Here is [Script][Script] to evaluate model.

[Korean Branch]: https://huggingface.co/junnei/gemma-3-4b-it-speech/tree/korean
[Script]: https://huggingface.co/junnei/gemma-3-4b-it-speech/blob/main/examples/evaluate_speech.py
[Covost2]: https://huggingface.co/datasets/junnei/covost2
[Covost2-ko]: https://huggingface.co/datasets/junnei/covost2
[LibriSpeech]: https://huggingface.co/datasets/fixie-ai/librispeech_asr
[Fleurs]: https://huggingface.co/datasets/google/fleurs
[Zeroth]: https://huggingface.co/datasets/Bingsu/zeroth-korean

[Link1]: https://huggingface.co/junnei/gemma-3-4b-it-speech/blob/main/eval_result/asr_en_us_to_ko_kr.json
[Link2]: https://huggingface.co/junnei/gemma-3-4b-it-speech/blob/main/eval_result/asr_Fleurs_en_us_to_ko_kr.json
[Link3]: https://huggingface.co/junnei/gemma-3-4b-it-speech/blob/main/eval_result/asr_LibriSpeech_clean_en_us_to_ko_kr.json
[Link4]: https://huggingface.co/junnei/gemma-3-4b-it-speech/blob/main/eval_result/asr_LibriSpeech_other_en_us_to_ko_kr.json
[Link5]: https://huggingface.co/junnei/gemma-3-4b-it-speech/blob/main/eval_result/translation_en_us_to_ko_kr.json
[Link6]: https://huggingface.co/junnei/gemma-3-4b-it-speech/blob/main/eval_result/translation_Fleurs_en_us_to_ko_kr.json
[Link7]: https://huggingface.co/junnei/gemma-3-4b-it-speech/blob/main/eval_result/korean/asr_Zeroth_ko_kr_to_en_us.json
[Link8]: https://huggingface.co/junnei/gemma-3-4b-it-speech/blob/main/eval_result/korean/asr_Fleurs_ko_kr_to_en_us.json
[Link9]: https://huggingface.co/junnei/gemma-3-4b-it-speech/blob/main/eval_result/korean/asr_CoVoST_ko_kr_to_en_us.json

### ASR

| Benchmark                        | Task           |     BLEU ↑    |     CER ↓    |     WER ↓    |     Result    |
| -------------------------------- |----------------|:-------------:|:------------:|:------------:|:-------------:|
| [Covost2][Covost2]               | ASR (English)  |   **86.09**   |   **4.12**   |   **7.83**   | [Link][Link1] |
| [Fleurs][Fleurs]                 | ASR (English)  |   **89.61**   |   **2.28**   |   **5.23**   | [Link][Link2] |
| [LibriSpeech-Clean][LibriSpeech] | ASR (English)  |   **94.28**   |   **0.98**   |   **2.91**   | [Link][Link3] |
| [LibriSpeech-Other][LibriSpeech] | ASR (English)  |   **87.60**   |   **3.10**   |   **6.55**   | [Link][Link4] |

### AST

| Benchmark                      | Task                          |     BLEU ↑    |     Result    |
| ------------------------------ |-------------------------------|:-------------:|:-------------:|
| [Covost2][Covost2]             | AST (0-shot, English-Korean)  |     31.55     | [Link][Link5] |
| [Fleurs][Fleurs]               | AST (0-shot, English-Korean)  |     11.05     | [Link][Link6] |

#### (Experimental) ASR : [Korean Branch][Korean Branch]

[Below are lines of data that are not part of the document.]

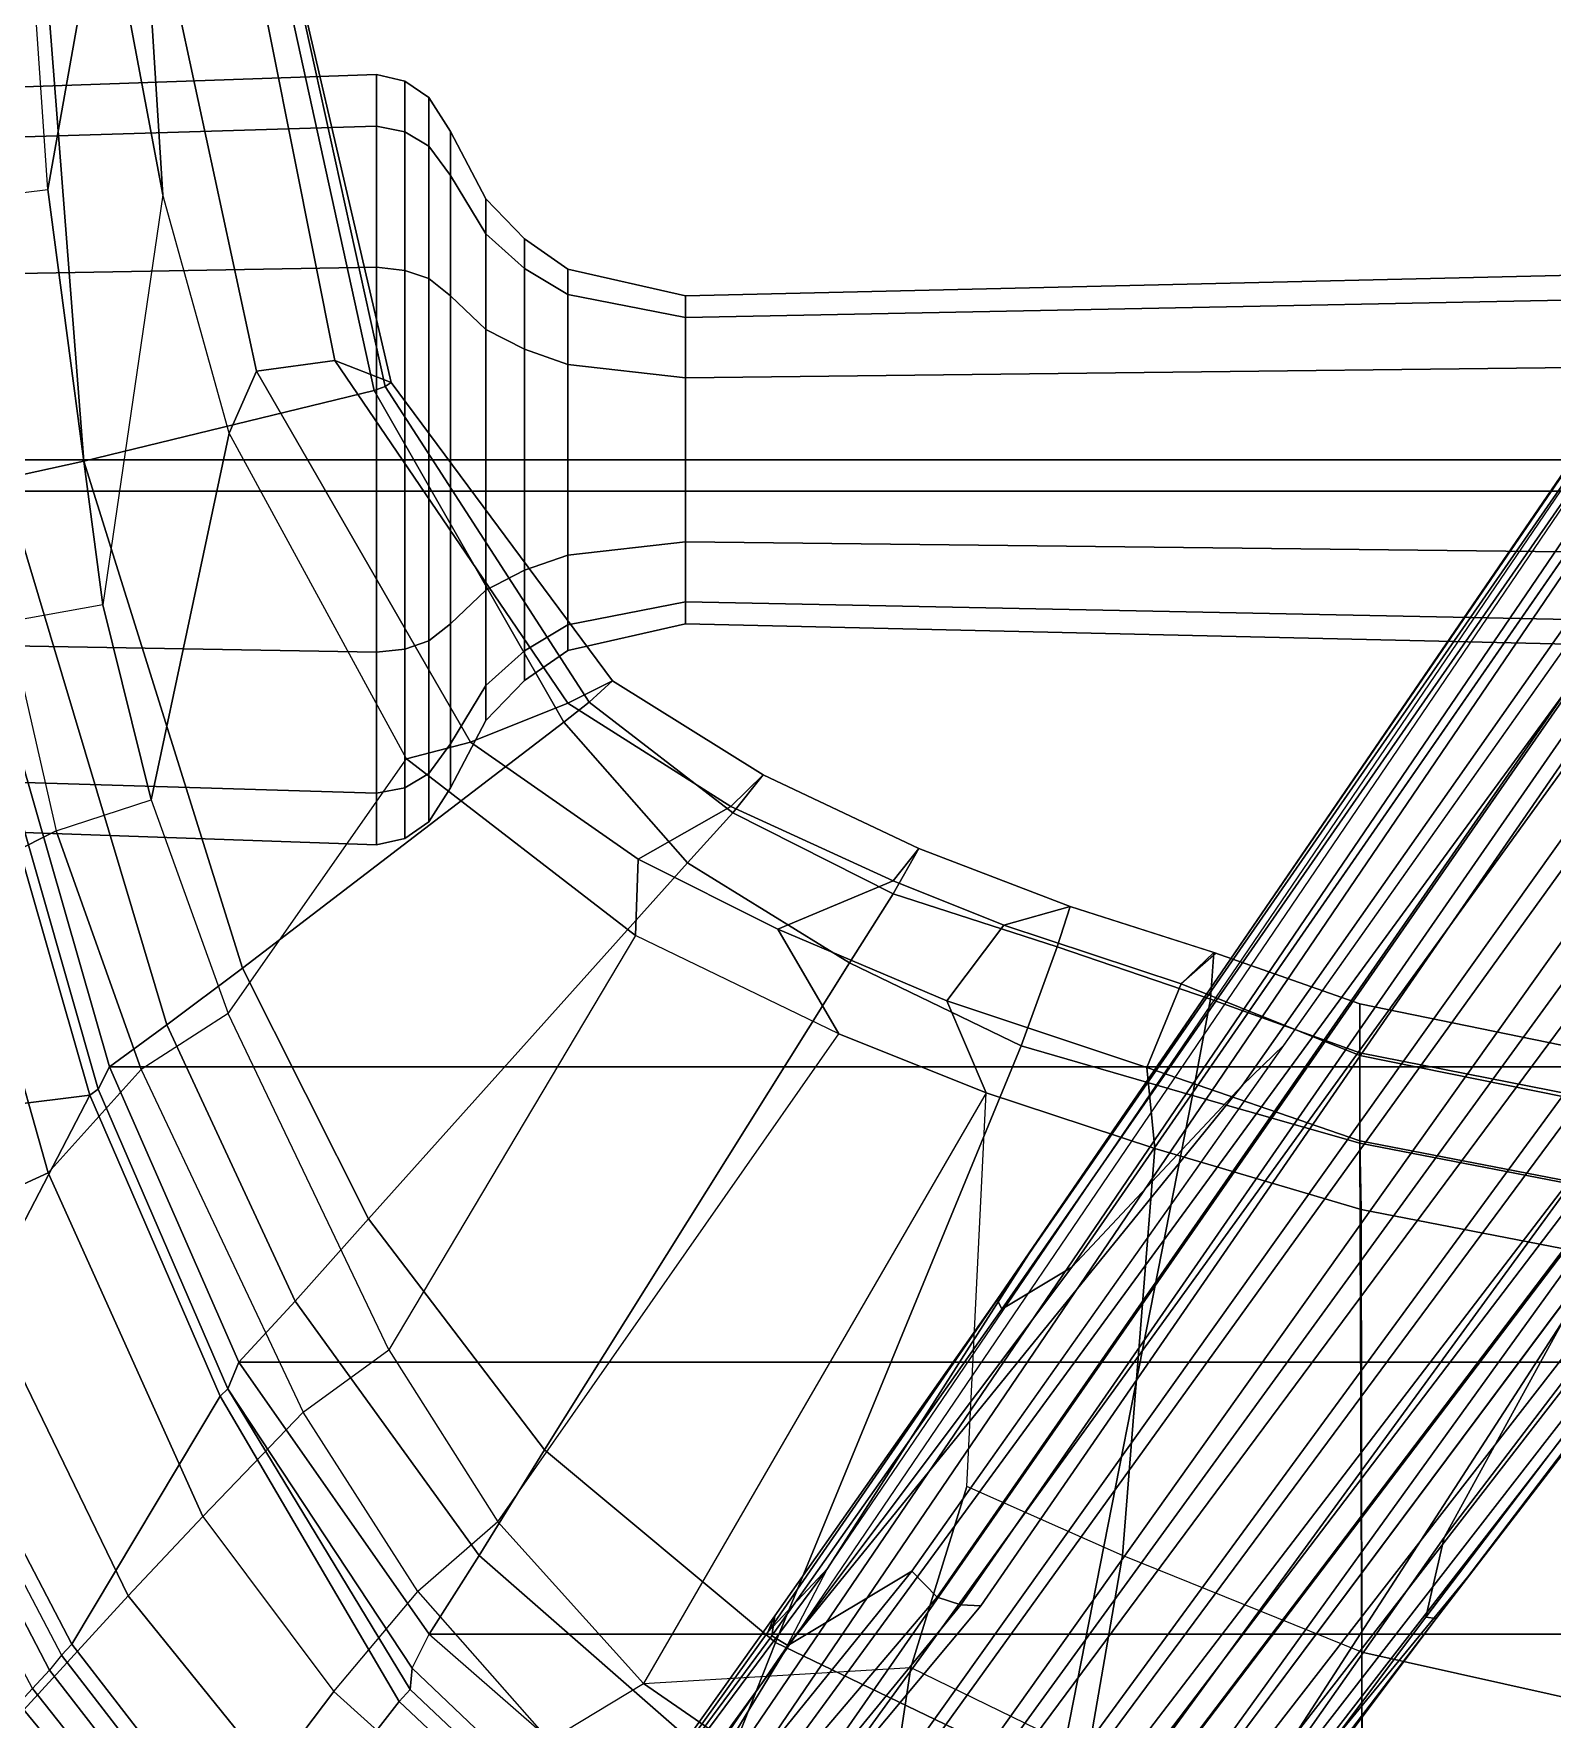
# Model space of a CAD drawing. Extents: x -14.5 to 14.5, y -12.2 to 16.5.
# Drawn here: x -8.597 to -5.251, y -8.819 to -5.105 of the extents above; entities that cross this region are included whole.
import ezdxf

# ---------------------------------------------------------------- set-up
doc = ezdxf.new("R2010")
doc.units = 0
doc.header["$MEASUREMENT"] = 0
for name, color, linetype in [('BASE', 253, 'Continuous'), ('FABRIC', 80, 'Continuous'), ('SEAT-FRAME', 253, 'Continuous')]:
    doc.layers.add(name, color=color, linetype=linetype)

msp = doc.modelspace()

# ---------------------------------------------------------------- linework, layer by layer
at = {"layer": 'BASE'}
for points in [[(-1.0713, -0.9806, 4.4404), (-7.8863, -10.4, 3.356), (-8.0242, -10.3827, 3.4417), (-1.1035, -0.9263, 4.5663)], [(-1.4306, -1.2019, 6.0103), (-1.1035, -0.9263, 4.5663), (-8.0242, -10.3827, 3.4417), (-6.5103, -8.5689, 4.2331)], [(-1.0713, -0.9806, 4.4404), (-1.004, -1.0816, 4.3723), (-7.7665, -10.4674, 3.3008), (-7.8863, -10.4, 3.356)], [(-0.8612, -1.1854, 4.3723), (-7.6639, -10.5484, 3.2861), (-7.7665, -10.4674, 3.3008), (-1.004, -1.0816, 4.3723)], [(-0.7184, -1.2891, 4.3723), (-7.5551, -10.621, 3.3008), (-7.6639, -10.5484, 3.2861), (-0.8612, -1.1854, 4.3723)], [(-1.4306, -1.2019, 6.0103), (-6.5103, -8.5689, 4.2331), (-6.554, -8.5666, 4.4356), (-1.5016, -1.2777, 6.2321)], [(-1.8033, -1.2577, 6.9168), (-8.3773, -10.9296, 4.4664), (-8.5862, -11.3984, 4.3934), (-1.6116, -1.3749, 7.0339)], [(-1.8033, -1.2577, 6.9168), (-1.9215, -1.3628, 6.8442), (-7.3527, -9.343, 4.8039), (-8.3773, -10.9296, 4.4664)], [(-1.5461, -1.2589, 6.3732), (-6.606, -8.5492, 4.5612), (-6.6624, -8.4919, 4.6754), (-1.5734, -1.2976, 6.5155)], [(-1.5461, -1.2589, 6.3732), (-1.5016, -1.2777, 6.2321), (-6.554, -8.5666, 4.4356), (-6.606, -8.5492, 4.5612)], [(-0.7184, -1.2891, 4.3723), (-0.6016, -1.3219, 4.4404), (-7.454, -10.7141, 3.356), (-7.5551, -10.621, 3.3008)], [(-1.5734, -1.2976, 6.5155), (-5.8431, -7.3336, 4.9717), (-5.9337, -7.4215, 4.9948), (-1.6435, -1.3096, 6.5345)], [(-0.54, -1.3357, 4.5663), (-7.395, -10.8399, 3.4417), (-7.454, -10.7141, 3.356), (-0.6016, -1.3219, 4.4404)], [(-0.54, -1.3357, 4.5663), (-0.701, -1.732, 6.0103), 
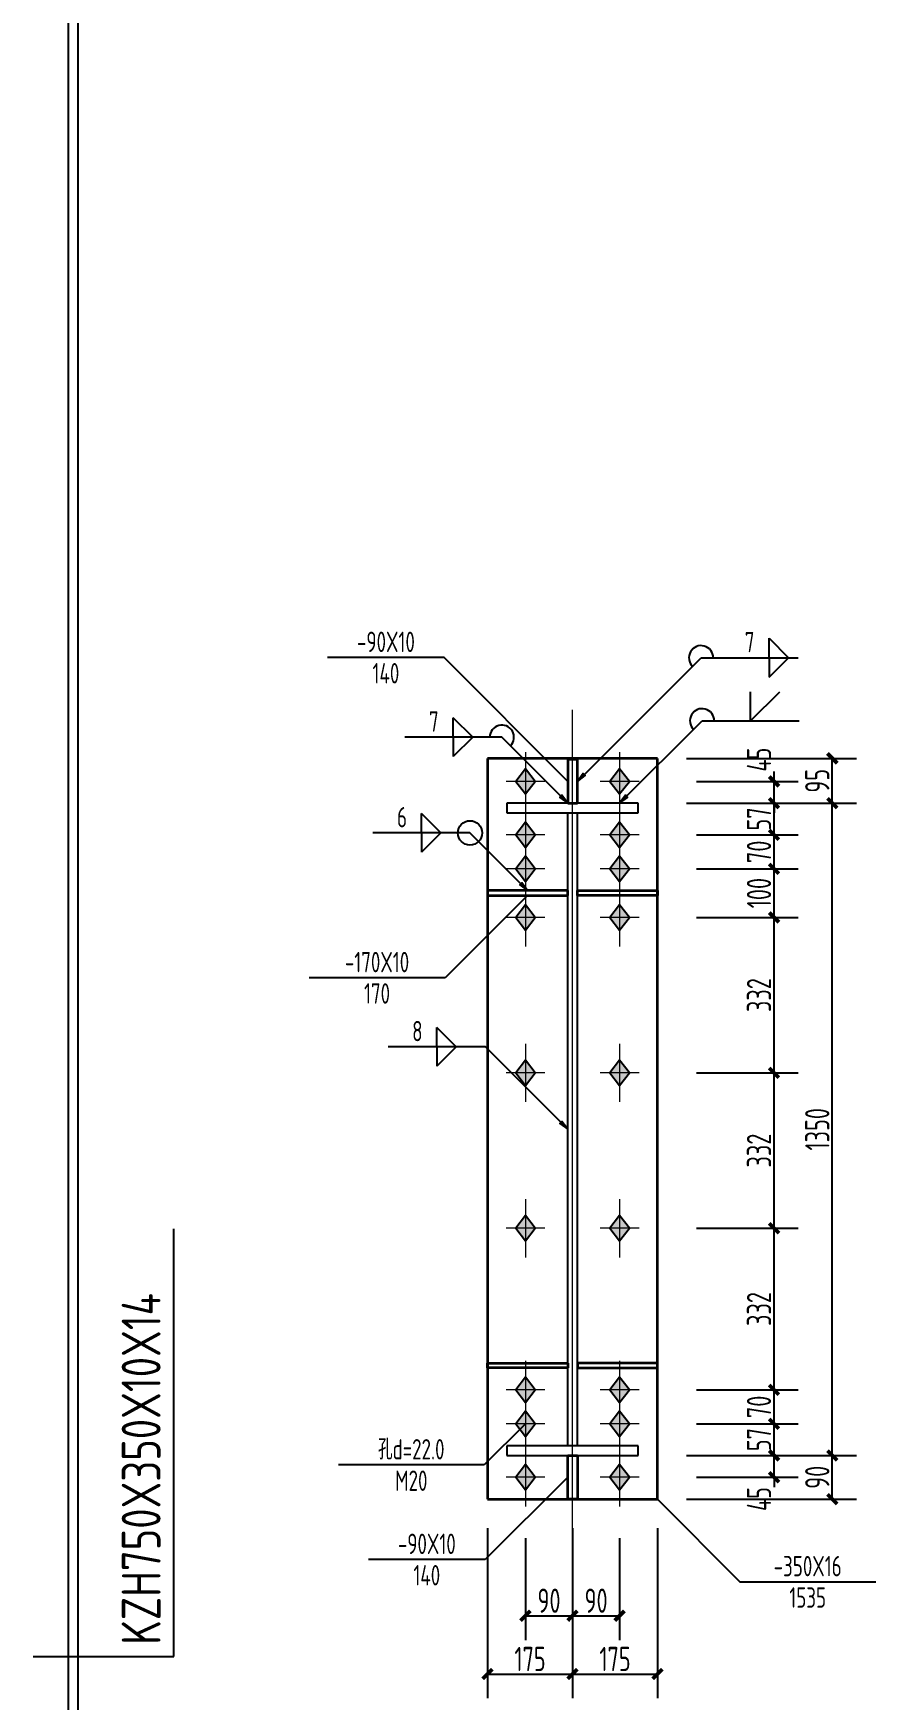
# Model space of a CAD drawing. Extents: x 69728788 to 150676229, y 15322671 to 43663798.
# Drawn here: x 75117994 to 75126667, y 19474018 to 19491169 of the extents above; entities that cross this region are included whole.
import ezdxf
from ezdxf.enums import TextEntityAlignment as Align

# ---------------------------------------------------------------- set-up
doc = ezdxf.new("R2010")
doc.units = 0
doc.header["$LTSCALE"] = 1000
doc.header["$MEASUREMENT"] = 0
doc.linetypes.add('线型6', pattern=[8.75, 5, -1.25, 1.25, -1.25])
doc.layers.get('0').update_dxf_attribs({"linetype": 'CONTINUOUS'})
doc.layers.get('DEFPOINTS').update_dxf_attribs({"linetype": 'CONTINUOUS'})
for name, color, linetype in [('10', 7, 'CONTINUOUS'), ('AXIS', 3, 'CONTINUOUS'), ('尺寸标注', 253, 'CONTINUOUS'), ('柱子', 3, 'CONTINUOUS'), ('焊缝标注', 253, 'CONTINUOUS'), ('螺栓孔标注', 253, 'CONTINUOUS'), ('钢板标注', 253, 'CONTINUOUS')]:
    doc.layers.add(name, color=color, linetype=linetype)
doc.layers.add('20', color=2, linetype='CONTINUOUS', lineweight=35)
doc.styles.add('PkpmHz', font='Pkpmeng', dxfattribs={"width": 0.7, "bigfont": 'hztxt'})
doc.styles.add('TSSD_Rein', font='atssdeng.shx', dxfattribs={"width": 0.7, "bigfont": 'atssdchn.shx'})
doc.dimstyles.new('Pkpm_1.00', dxfattribs={"dimtxt": 250, "dimasz": 100, "dimexe": 250, "dimexo": 0.0625, "dimgap": 30, "dimtad": 1, "dimdec": 0, "dimrnd": 5, "dimzin": 0, "dimdsep": 46, "dimtxsty": 'PkpmHz', "dimblk1": 'ARCHTICK', "dimblk2": 'ARCHTICK', "dimsah": 1, "dimcen": 0.09, "dimadec": 0, "dimazin": 0, "dimtfac": 1, "dimtdec": 0, "dimtmove": 2, "dimatfit": 1, "dimfxl": 1, "dimtolj": 1, "dimtzin": 0, "dimarcsym": 0})

# ---------------------------------------------------------------- blocks, each defined once
blk = doc.blocks.new('_ArchTick')
at = {"color": 0, "linetype": 'ByBlock', "const_width": 0.4}
blk.add_lwpolyline([(-0.5, -0.5), (0.5, 0.5)], dxfattribs=at)
blk = doc.blocks.new('*D279')
at = {"layer": 'DEFPOINTS', "color": 0, "linetype": 'Continuous'}
for p in [(75124421, 19483470), (75125621, 19483470), (75124421, 19483245)]:
    blk.add_point(p, dxfattribs=at)
at = {"layer": '尺寸标注', "color": 0, "linetype": 'Continuous', "lineweight": -2}
for p, q in [((75125621, 19483470), (75125621, 19483570)), ((75124821, 19483470), (75125871, 19483470)), ((75125621, 19483245), (75125621, 19483470)), ((75124821, 19483245), (75125871, 19483245)), ((75125621, 19483245), (75125621, 19483145))]:
    blk.add_line(p, q, dxfattribs=at)
at = {"layer": '尺寸标注', "color": 0, "linetype": 'Continuous', "lineweight": -2, "xscale": 100, "yscale": 100, "zscale": 100}
for p, rotation in [((75125621, 19483470), 270), ((75125621, 19483245), 90)]:
    blk.add_blockref('_ArchTick', p, dxfattribs=dict(at, rotation=rotation))
at = {"layer": '尺寸标注', "color": 0, "linetype": 'Continuous', "insert": (75125466, 19483694), "char_height": 250, "attachment_point": 5, "rotation": 90, "style": 'PkpmHz'}
blk.add_mtext('\\A1;45', dxfattribs=at)
blk = doc.blocks.new('*D280')
at = {"layer": 'DEFPOINTS', "color": 0, "linetype": 'Continuous'}
for p in [(75124421, 19483245), (75125621, 19483245), (75124421, 19482920)]:
    blk.add_point(p, dxfattribs=at)
at = {"layer": '尺寸标注', "color": 0, "linetype": 'Continuous', "lineweight": -2}
for p, q in [((75124821, 19483245), (75125871, 19483245)), ((75125621, 19482920), (75125621, 19483245)), ((75124821, 19482920), (75125871, 19482920))]:
    blk.add_line(p, q, dxfattribs=at)
at = {"layer": '尺寸标注', "color": 0, "linetype": 'Continuous', "lineweight": -2, "xscale": 100, "yscale": 100, "zscale": 100}
for p, rotation in [((75125621, 19483245), 90), ((75125621, 19482920), 270)]:
    blk.add_blockref('_ArchTick', p, dxfattribs=dict(at, rotation=rotation))
at = {"layer": '尺寸标注', "color": 0, "linetype": 'Continuous', "insert": (75125466, 19483083), "char_height": 250, "attachment_point": 5, "rotation": 90, "style": 'PkpmHz'}
blk.add_mtext('\\A1;57', dxfattribs=at)
blk = doc.blocks.new('*D281')
at = {"layer": 'DEFPOINTS', "color": 0, "linetype": 'Continuous'}
for p in [(75124421, 19482570), (75125621, 19482570), (75124421, 19482070)]:
    blk.add_point(p, dxfattribs=at)
at = {"layer": '尺寸标注', "color": 0, "linetype": 'Continuous', "lineweight": -2}
for p, q in [((75124821, 19482570), (75125871, 19482570)), ((75125621, 19482070), (75125621, 19482570)), ((75124821, 19482070), (75125871, 19482070))]:
    blk.add_line(p, q, dxfattribs=at)
at = {"layer": '尺寸标注', "color": 0, "linetype": 'Continuous', "lineweight": -2, "xscale": 100, "yscale": 100, "zscale": 100}
for p, rotation in [((75125621, 19482570), 90), ((75125621, 19482070), 270)]:
    blk.add_blockref('_ArchTick', p, dxfattribs=dict(at, rotation=rotation))
at = {"layer": '尺寸标注', "color": 0, "linetype": 'Continuous', "insert": (75125466, 19482320), "char_height": 250, "attachment_point": 5, "rotation": 90, "style": 'PkpmHz'}
blk.add_mtext('\\A1;100', dxfattribs=at)
blk = doc.blocks.new('*D282')
at = {"layer": 'DEFPOINTS', "color": 0, "linetype": 'Continuous'}
for p in [(75124421, 19482920), (75125621, 19482920), (75124421, 19482570)]:
    blk.add_point(p, dxfattribs=at)
at = {"layer": '尺寸标注', "color": 0, "linetype": 'Continuous', "lineweight": -2}
for p, q in [((75124821, 19482920), (75125871, 19482920)), ((75125621, 19482570), (75125621, 19482920)), ((75124821, 19482570), (75125871, 19482570))]:
    blk.add_line(p, q, dxfattribs=at)
at = {"layer": '尺寸标注', "color": 0, "linetype": 'Continuous', "lineweight": -2, "xscale": 100, "yscale": 100, "zscale": 100}
for p, rotation in [((75125621, 19482920), 90), ((75125621, 19482570), 270)]:
    blk.add_blockref('_ArchTick', p, dxfattribs=dict(at, rotation=rotation))
at = {"layer": '尺寸标注', "color": 0, "linetype": 'Continuous', "insert": (75125466, 19482745), "char_height": 250, "attachment_point": 5, "rotation": 90, "style": 'PkpmHz'}
blk.add_mtext('\\A1;70', dxfattribs=at)
blk = doc.blocks.new('*D283')
at = {"layer": 'DEFPOINTS', "color": 0, "linetype": 'Continuous'}
for p in [(75124421, 19476532), (75125621, 19476532), (75124421, 19476307)]:
    blk.add_point(p, dxfattribs=at)
at = {"layer": '尺寸标注', "color": 0, "linetype": 'Continuous', "lineweight": -2}
for p, q in [((75124821, 19476532), (75125871, 19476532)), ((75125621, 19476532), (75125621, 19476632)), ((75125621, 19476307), (75125621, 19476532)), ((75124821, 19476307), (75125871, 19476307)), ((75125621, 19476307), (75125621, 19476207))]:
    blk.add_line(p, q, dxfattribs=at)
at = {"layer": '尺寸标注', "color": 0, "linetype": 'Continuous', "lineweight": -2, "xscale": 100, "yscale": 100, "zscale": 100}
for p, rotation in [((75125621, 19476532), 270), ((75125621, 19476307), 90)]:
    blk.add_blockref('_ArchTick', p, dxfattribs=dict(at, rotation=rotation))
at = {"layer": '尺寸标注', "color": 0, "linetype": 'Continuous', "insert": (75125466, 19476083), "char_height": 250, "attachment_point": 5, "rotation": 90, "style": 'PkpmHz'}
blk.add_mtext('\\A1;45', dxfattribs=at)
blk = doc.blocks.new('*D284')
at = {"layer": 'DEFPOINTS', "color": 0, "linetype": 'Continuous'}
for p in [(75124421, 19476857), (75125621, 19476857), (75124421, 19476532)]:
    blk.add_point(p, dxfattribs=at)
at = {"layer": '尺寸标注', "color": 0, "linetype": 'Continuous', "lineweight": -2}
for p, q in [((75124821, 19476857), (75125871, 19476857)), ((75125621, 19476532), (75125621, 19476857)), ((75124821, 19476532), (75125871, 19476532))]:
    blk.add_line(p, q, dxfattribs=at)
at = {"layer": '尺寸标注', "color": 0, "linetype": 'Continuous', "lineweight": -2, "xscale": 100, "yscale": 100, "zscale": 100}
for p, rotation in [((75125621, 19476857), 90), ((75125621, 19476532), 270)]:
    blk.add_blockref('_ArchTick', p, dxfattribs=dict(at, rotation=rotation))
at = {"layer": '尺寸标注', "color": 0, "linetype": 'Continuous', "insert": (75125466, 19476695), "char_height": 250, "attachment_point": 5, "rotation": 90, "style": 'PkpmHz'}
blk.add_mtext('\\A1;57', dxfattribs=at)
blk = doc.blocks.new('*D285')
at = {"layer": 'DEFPOINTS', "color": 0, "linetype": 'Continuous'}
for p in [(75124421, 19477207), (75125621, 19477207), (75124421, 19476857)]:
    blk.add_point(p, dxfattribs=at)
at = {"layer": '尺寸标注', "color": 0, "linetype": 'Continuous', "lineweight": -2}
for p, q in [((75124821, 19477207), (75125871, 19477207)), ((75125621, 19476857), (75125621, 19477207)), ((75124821, 19476857), (75125871, 19476857))]:
    blk.add_line(p, q, dxfattribs=at)
at = {"layer": '尺寸标注', "color": 0, "linetype": 'Continuous', "lineweight": -2, "xscale": 100, "yscale": 100, "zscale": 100}
for p, rotation in [((75125621, 19477207), 90), ((75125621, 19476857), 270)]:
    blk.add_blockref('_ArchTick', p, dxfattribs=dict(at, rotation=rotation))
at = {"layer": '尺寸标注', "color": 0, "linetype": 'Continuous', "insert": (75125466, 19477032), "char_height": 250, "attachment_point": 5, "rotation": 90, "style": 'PkpmHz'}
blk.add_mtext('\\A1;70', dxfattribs=at)
blk = doc.blocks.new('*D286')
at = {"layer": 'DEFPOINTS', "color": 0, "linetype": 'Continuous'}
for p in [(75124421, 19482070), (75125621, 19482070), (75124421, 19480470)]:
    blk.add_point(p, dxfattribs=at)
at = {"layer": '尺寸标注', "color": 0, "linetype": 'Continuous', "lineweight": -2}
for p, q in [((75124821, 19482070), (75125871, 19482070)), ((75125621, 19480470), (75125621, 19482070)), ((75124821, 19480470), (75125871, 19480470))]:
    blk.add_line(p, q, dxfattribs=at)
at = {"layer": '尺寸标注', "color": 0, "linetype": 'Continuous', "lineweight": -2, "xscale": 100, "yscale": 100, "zscale": 100}
for p, rotation in [((75125621, 19482070), 90), ((75125621, 19480470), 270)]:
    blk.add_blockref('_ArchTick', p, dxfattribs=dict(at, rotation=rotation))
at = {"layer": '尺寸标注', "color": 0, "linetype": 'Continuous', "insert": (75125466, 19481270), "char_height": 250, "attachment_point": 5, "rotation": 90, "style": 'PkpmHz'}
blk.add_mtext('\\A1;332', dxfattribs=at)
blk = doc.blocks.new('*D287')
at = {"layer": 'DEFPOINTS', "color": 0, "linetype": 'Continuous'}
for p in [(75124421, 19480470), (75125621, 19480470), (75124421, 19478870)]:
    blk.add_point(p, dxfattribs=at)
at = {"layer": '尺寸标注', "color": 0, "linetype": 'Continuous', "lineweight": -2}
for p, q in [((75124821, 19480470), (75125871, 19480470)), ((75125621, 19478870), (75125621, 19480470)), ((75124821, 19478870), (75125871, 19478870))]:
    blk.add_line(p, q, dxfattribs=at)
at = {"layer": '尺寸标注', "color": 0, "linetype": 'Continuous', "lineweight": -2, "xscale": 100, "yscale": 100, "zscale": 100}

Score is lower because Korean Normalizer is not applied

| Benchmark                        | Task           |     BLEU ↑    |     CER ↓    |     WER ↓    |     Result    |
| -------------------------------- |----------------|:-------------:|:------------:|:------------:|:-------------:|
| [Zeroth][Zeroth]                 | ASR (Korean)   |   **94.91**   |   **1.31**   |   **2.50**   | [Link][Link7] |
| [Fleurs][Fleurs]                 | ASR (Korean)   |   **62.83**   |   **9.08**   |   **23.0**   | [Link][Link8] |
| [Covost2][Covost2]               | ASR (Korean)   |   **43.66**   |   **22.5**   |   **41.4**   | [Link][Link9] |

## Model Details

[junnei]: https://huggingface.co/junnei
Developed by: [junnei][junnei]

Model type: Multimodal (Text, Vision, Speech) Language Model

Language(s): Multilingual

License: [Gemma](https://ai.google.dev/gemma/terms)

Base model: [google/gemma-3-4b-it](https://huggingface.co/google/gemma-3-4b-it)

Inspiration: [Phi-4-multimodal-instruct](https://huggingface.co/microsoft/phi-4-multimodal-instruct)

## Training Details

- The model was trained by adding a **596B parameter Speech LoRA adapter** to the base Gemma-3-4b-it model.

- Due to limited computational resources, the model was **only trained for limited datasets and epochs** on ASR (Automatic Speech Recognition) and AST (Automatic Speech Translation) tasks with A100 1 GPU.

- The training data was limited to **English and Korean languages** within **less than 30 seconds in duration.**

## Datasets

### ASR / AST

- [Covost2 Dataset][Covost2] / [No Download Version][Covost2-ko]
- [LibriSpeech][LibriSpeech]
- [Fleurs][Fleurs]
- [Zeroth][Zeroth]

## Limitations

Note that this model is **just a Proof of Concept (PoC) for experimental purposes** and is not intended for production use. 
To improve the model's performance and reliability, the following areas need further development:

- More computational resources for extended training needed.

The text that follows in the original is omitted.